__Task objective__.
Filter the data for "amount" and copy matching lines.

(Material provided Opens)

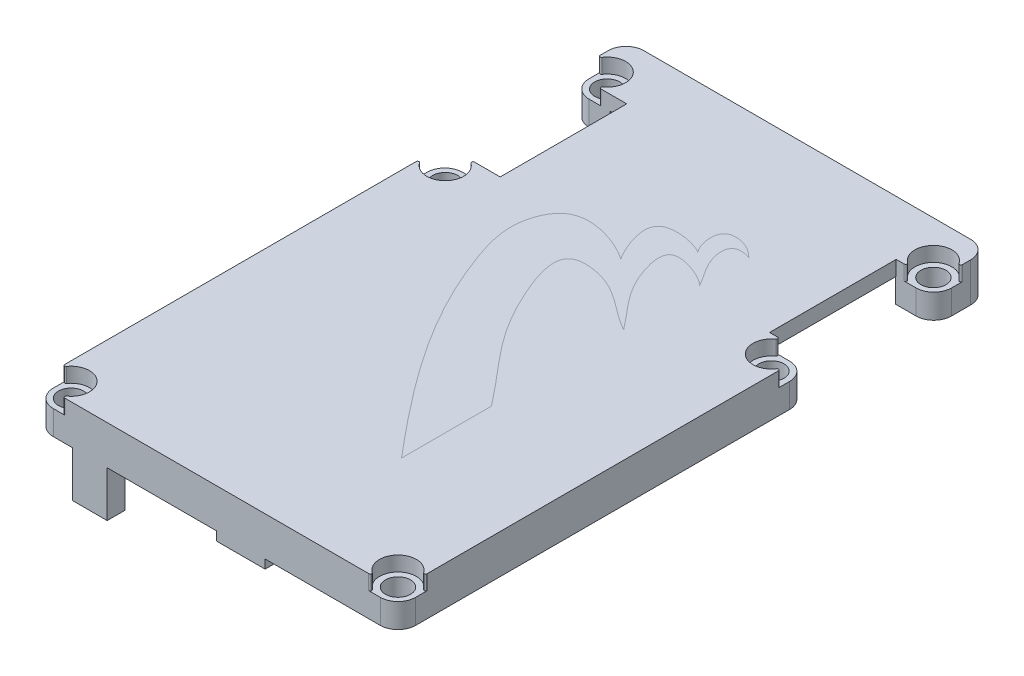
from build123d import *

# Parameters (mm, degrees)
SKETCH1_W           = 49.1
SKETCH1_H           = 80
BOSS_EXTRUDE1_DEPTH = 2
SKETCH2_R           = 1.7
CUT_EXTRUDE1_DEPTH  = 2
SKETCH3_W           = 5.2
SKETCH3_H           = 5.2
SKETCH3_R           = 1.7
BOSS_EXTRUDE2_DEPTH = 3.3
SKETCH4_W           = 7.5
SKETCH4_H           = 17.15
SKETCH4_W_2         = 5.1
CUT_EXTRUDE2_DEPTH  = 3.3
SKETCH7_W           = 38.7
SKETCH7_H           = 2.4
SKETCH7_W_2         = 2.4
SKETCH7_H_2         = 45.05
BOSS_EXTRUDE4_DEPTH = 3.3
SKETCH8_W           = 6.6
SKETCH8_H           = 1.2
SKETCH8_W_2         = 4.7
SKETCH8_H_2         = 6.2
BOSS_EXTRUDE5_DEPTH = 2.4
FILLET1_START       = -9.5
FILLET1_DEPTH       = 12.5
SKETCH9_R           = 2.5
CUT_EXTRUDE3_DEPTH  = 2
FILLET2_R           = 0.2


with BuildPart() as part:
    # Sketch1 → Boss-Extrude1 (new body)
    with BuildSketch(Plane(origin=(0, 0, 0), x_dir=(1, 0, 0), z_dir=(0, 1, 0))):
        with Locations((24.55, -40)):
            Rectangle(SKETCH1_W, SKETCH1_H)
    extrude(amount=BOSS_EXTRUDE1_DEPTH)

    # Sketch2 → Cut-Extrude1 (cut)
    with BuildSketch(Plane(origin=(0, 2, 0), x_dir=(1, 0, 0), z_dir=(0, 1, 0))):
        with Locations(Location((2.4, -77.6, 0), (0, 0, 270))):
            Circle(SKETCH2_R)
        with Locations(Location((2.45, -26.95, 0), (0, 0, 270))):
            Circle(SKETCH2_R)
        with Locations(Location((2.45, -5, 0), (0, 0, 270))):
            Circle(SKETCH2_R)
        with Locations(Location((46.7, -77.6, 0), (0, 0, 90))):
            Circle(SKETCH2_R)
        with Locations(Location((46.65, -26.95, 0), (0, 0, 90))):
            Circle(SKETCH2_R)
        with Locations(Location((46.65, -5, 0), (0, 0, 90))):
            Circle(SKETCH2_R)
    extrude(amount=-CUT_EXTRUDE1_DEPTH, mode=Mode.SUBTRACT)

    # Sketch3 → Boss-Extrude2 (add)
    # profile 1 of 6: a face of its own
    with BuildSketch(Plane.XZ):
        with Locations((2.6, 77.4)):
            Rectangle(SKETCH3_W, SKETCH3_H)
        with Locations(Location((2.4, 77.6, 0), (0, 0, 90))):
            Circle(SKETCH3_R, mode=Mode.SUBTRACT)
    # profile 2 of 6: a face of its own
    with BuildSketch(Plane.XZ):
        with Locations((2.6, 27.15)):
            Rectangle(SKETCH3_W, SKETCH3_H)
        with Locations(Location((2.45, 26.95, 0), (0, 0, 90))):
            Circle(SKETCH3_R, mode=Mode.SUBTRACT)
    # profile 3 of 6: a face of its own
    with BuildSketch(Plane.XZ):
        with Locations((2.6, 4.8)):
            Rectangle(SKETCH3_W, SKETCH3_H)
        with Locations(Location((2.45, 5, 0), (0, 0, 90))):
            Circle(SKETCH3_R, mode=Mode.SUBTRACT)
    # profile 4 of 6: a face of its own
    with BuildSketch(Plane.XZ):
        with Locations((46.5, 4.8)):
            Rectangle(SKETCH3_W, SKETCH3_H)
        with Locations(Location((46.65, 5, 0), (0, 0, 270))):
            Circle(SKETCH3_R, mode=Mode.SUBTRACT)
    # profile 5 of 6: a face of its own
    with BuildSketch(Plane.XZ):
        with Locations((46.5, 27.15)):
            Rectangle(SKETCH3_W, SKETCH3_H)
        with Locations(Location((46.65, 26.95, 0), (0, 0, 90))):
            Circle(SKETCH3_R, mode=Mode.SUBTRACT)
    # profile 6 of 6: a face of its own
    with BuildSketch(Plane.XZ):
        with Locations((46.5, 77.4)):
            Rectangle(SKETCH3_W, SKETCH3_H)
        with Locations(Location((46.7, 77.6, 0), (0, 0, 90))):
            Circle(SKETCH3_R, mode=Mode.SUBTRACT)
    extrude(amount=BOSS_EXTRUDE2_DEPTH)

    # Sketch4 → Cut-Extrude2 (cut)
    with BuildSketch(Plane(origin=(0, 2, 0), x_dir=(1, 0, 0), z_dir=(0, 1, 0))):
        with Locations((3.75, -15.975)):
            Rectangle(SKETCH4_W, SKETCH4_H)
        with Locations((46.55, -15.975)):
            Rectangle(SKETCH4_W_2, SKETCH4_H)
    extrude(amount=-CUT_EXTRUDE2_DEPTH, mode=Mode.SUBTRACT)

    # Sketch7 → Boss-Extrude4 (add)
    with BuildSketch(Plane.XZ):
        with Locations((24.55, 78.8)):
            Rectangle(SKETCH7_W, SKETCH7_H)
        with Locations((47.9, 52.275)):
            Rectangle(SKETCH7_W_2, SKETCH7_H_2)
        with Locations((1.2, 52.275)):
            Rectangle(SKETCH7_W_2, SKETCH7_H_2)
        Polygon((0, 0), (49.1, 0), (49.1, 2), (49.1, 2.2), (43.9, 2.2), (43.9, 2), (5.2, 2), (5.2, 2.2), (0, 2.2), (0, 2), align=None)
    extrude(amount=BOSS_EXTRUDE4_DEPTH)

    # Sketch8 → Boss-Extrude5 (add)
    with BuildSketch(Plane.XY.offset(80)):
        with Locations((27.8, -3.9)):
            Rectangle(SKETCH8_W, SKETCH8_H)
        with Locations((7.35, -6.4)):
            Rectangle(SKETCH8_W_2, SKETCH8_H_2)
    extrude(amount=-BOSS_EXTRUDE5_DEPTH)

    # Fillet1: read off the stored shape, not the designer's step
    # Fillet1 outline → Fillet1 (cut)
    with BuildSketch(Plane(origin=(0, 0, 0), x_dir=(1, 0, 0), z_dir=(0, 1, 0)).offset(FILLET1_START)):
        with BuildLine():
            Line((0, 0), (0, -2.4))
            ThreePointArc((0, -2.4), (0.702943725, -0.702943725), (2.4, 0))
            Line((2.4, 0), (0, 0))
        make_face()
        with BuildLine():
            ThreePointArc((2.4, -7.4), (0.702943725, -6.697056275), (0, -5))
            Line((0, -5), (0, -7.4))
            Line((0, -7.4), (2.4, -7.4))
        make_face()
        with BuildLine():
            Line((49.1, -7.4), (49.1, -5))
            ThreePointArc((49.1, -5), (48.397056275, -6.697056275), (46.7, -7.4))
            Line((46.7, -7.4), (49.1, -7.4))
        make_face()
        with BuildLine():
            Line((49.1, 0), (46.7, 0))
            ThreePointArc((46.7, 0), (48.397056275, -0.702943725), (49.1, -2.4))
            Line((49.1, -2.4), (49.1, 0))
        make_face()
        with BuildLine():
            Line((0, -80), (2.4, -80))
            ThreePointArc((2.4, -80), (0.702943725, -79.297056275), (0, -77.6))
            Line((0, -77.6), (0, -80))
        make_face()
        with BuildLine():
            ThreePointArc((46.7, -24.55), (48.397056275, -25.252943725), (49.1, -26.95))
            Line((49.1, -26.95), (49.1, -24.55))
            Line((49.1, -24.55), (46.7, -24.55))
        make_face()
        with BuildLine():
            ThreePointArc((49.1, -77.6), (48.397056275, -79.297056275), (46.7, -80))
            Line((46.7, -80), (49.1, -80))
            Line((49.1, -80), (49.1, -77.6))
        make_face()
        with BuildLine():
            Line((0, -24.55), (0, -26.95))
            ThreePointArc((0, -26.95), (0.702943725, -25.252943725), (2.4, -24.55))
            Line((2.4, -24.55), (0, -24.55))
        make_face()
    extrude(amount=FILLET1_DEPTH, mode=Mode.SUBTRACT)

    # Sketch9 → Cut-Extrude3 (cut)
    with BuildSketch(Plane(origin=(0, 2, 0), x_dir=(1, 0, 0), z_dir=(0, 1, 0))):
        with Locations((2.45, -5)):
            Circle(SKETCH9_R)
        with Locations((2.45, -26.95)):
            Circle(SKETCH9_R)
        with Locations((2.4, -77.6)):
            Circle(SKETCH9_R)
        with Locations((46.7, -77.6)):
            Circle(SKETCH9_R)
        with Locations((46.65, -26.95)):
            Circle(SKETCH9_R)
        with Locations((46.65, -5)):
            Circle(SKETCH9_R)
    extrude(amount=-CUT_EXTRUDE3_DEPTH, mode=Mode.SUBTRACT)

    # Fillet2
    fillet2_edges = [part.edges().sort_by_distance(p)[0] for p in [
        (45.95, 1, 24.55),
        (45.95, 1, 7.4),
        (3.15, 1, 7.4),
        (3.15, 1, 24.55),
        (49.1, 1, 4.502506281),
        (49.1, 1, 27.447493719),
        (49.1, 1, 76.9),
        (46, 1, 80),
        (0, 1, 76.9),
        (3.1, 1, 80),
        (0, 1, 27.447493719),
        (0, 1, 4.502506281),
    ]]
    fillet(fillet2_edges, radius=FILLET2_R)


solid = part.part

(Material provided Closes)

__Written response__.
    extrude(amount=BOSS_EXTRUDE1_DEPTH)
    extrude(amount=-CUT_EXTRUDE1_DEPTH, mode=Mode.SUBTRACT)
    extrude(amount=BOSS_EXTRUDE2_DEPTH)
    extrude(amount=-CUT_EXTRUDE2_DEPTH, mode=Mode.SUBTRACT)
    extrude(amount=BOSS_EXTRUDE4_DEPTH)
    extrude(amount=-BOSS_EXTRUDE5_DEPTH)
    extrude(amount=FILLET1_DEPTH, mode=Mode.SUBTRACT)
    extrude(amount=-CUT_EXTRUDE3_DEPTH, mode=Mode.SUBTRACT)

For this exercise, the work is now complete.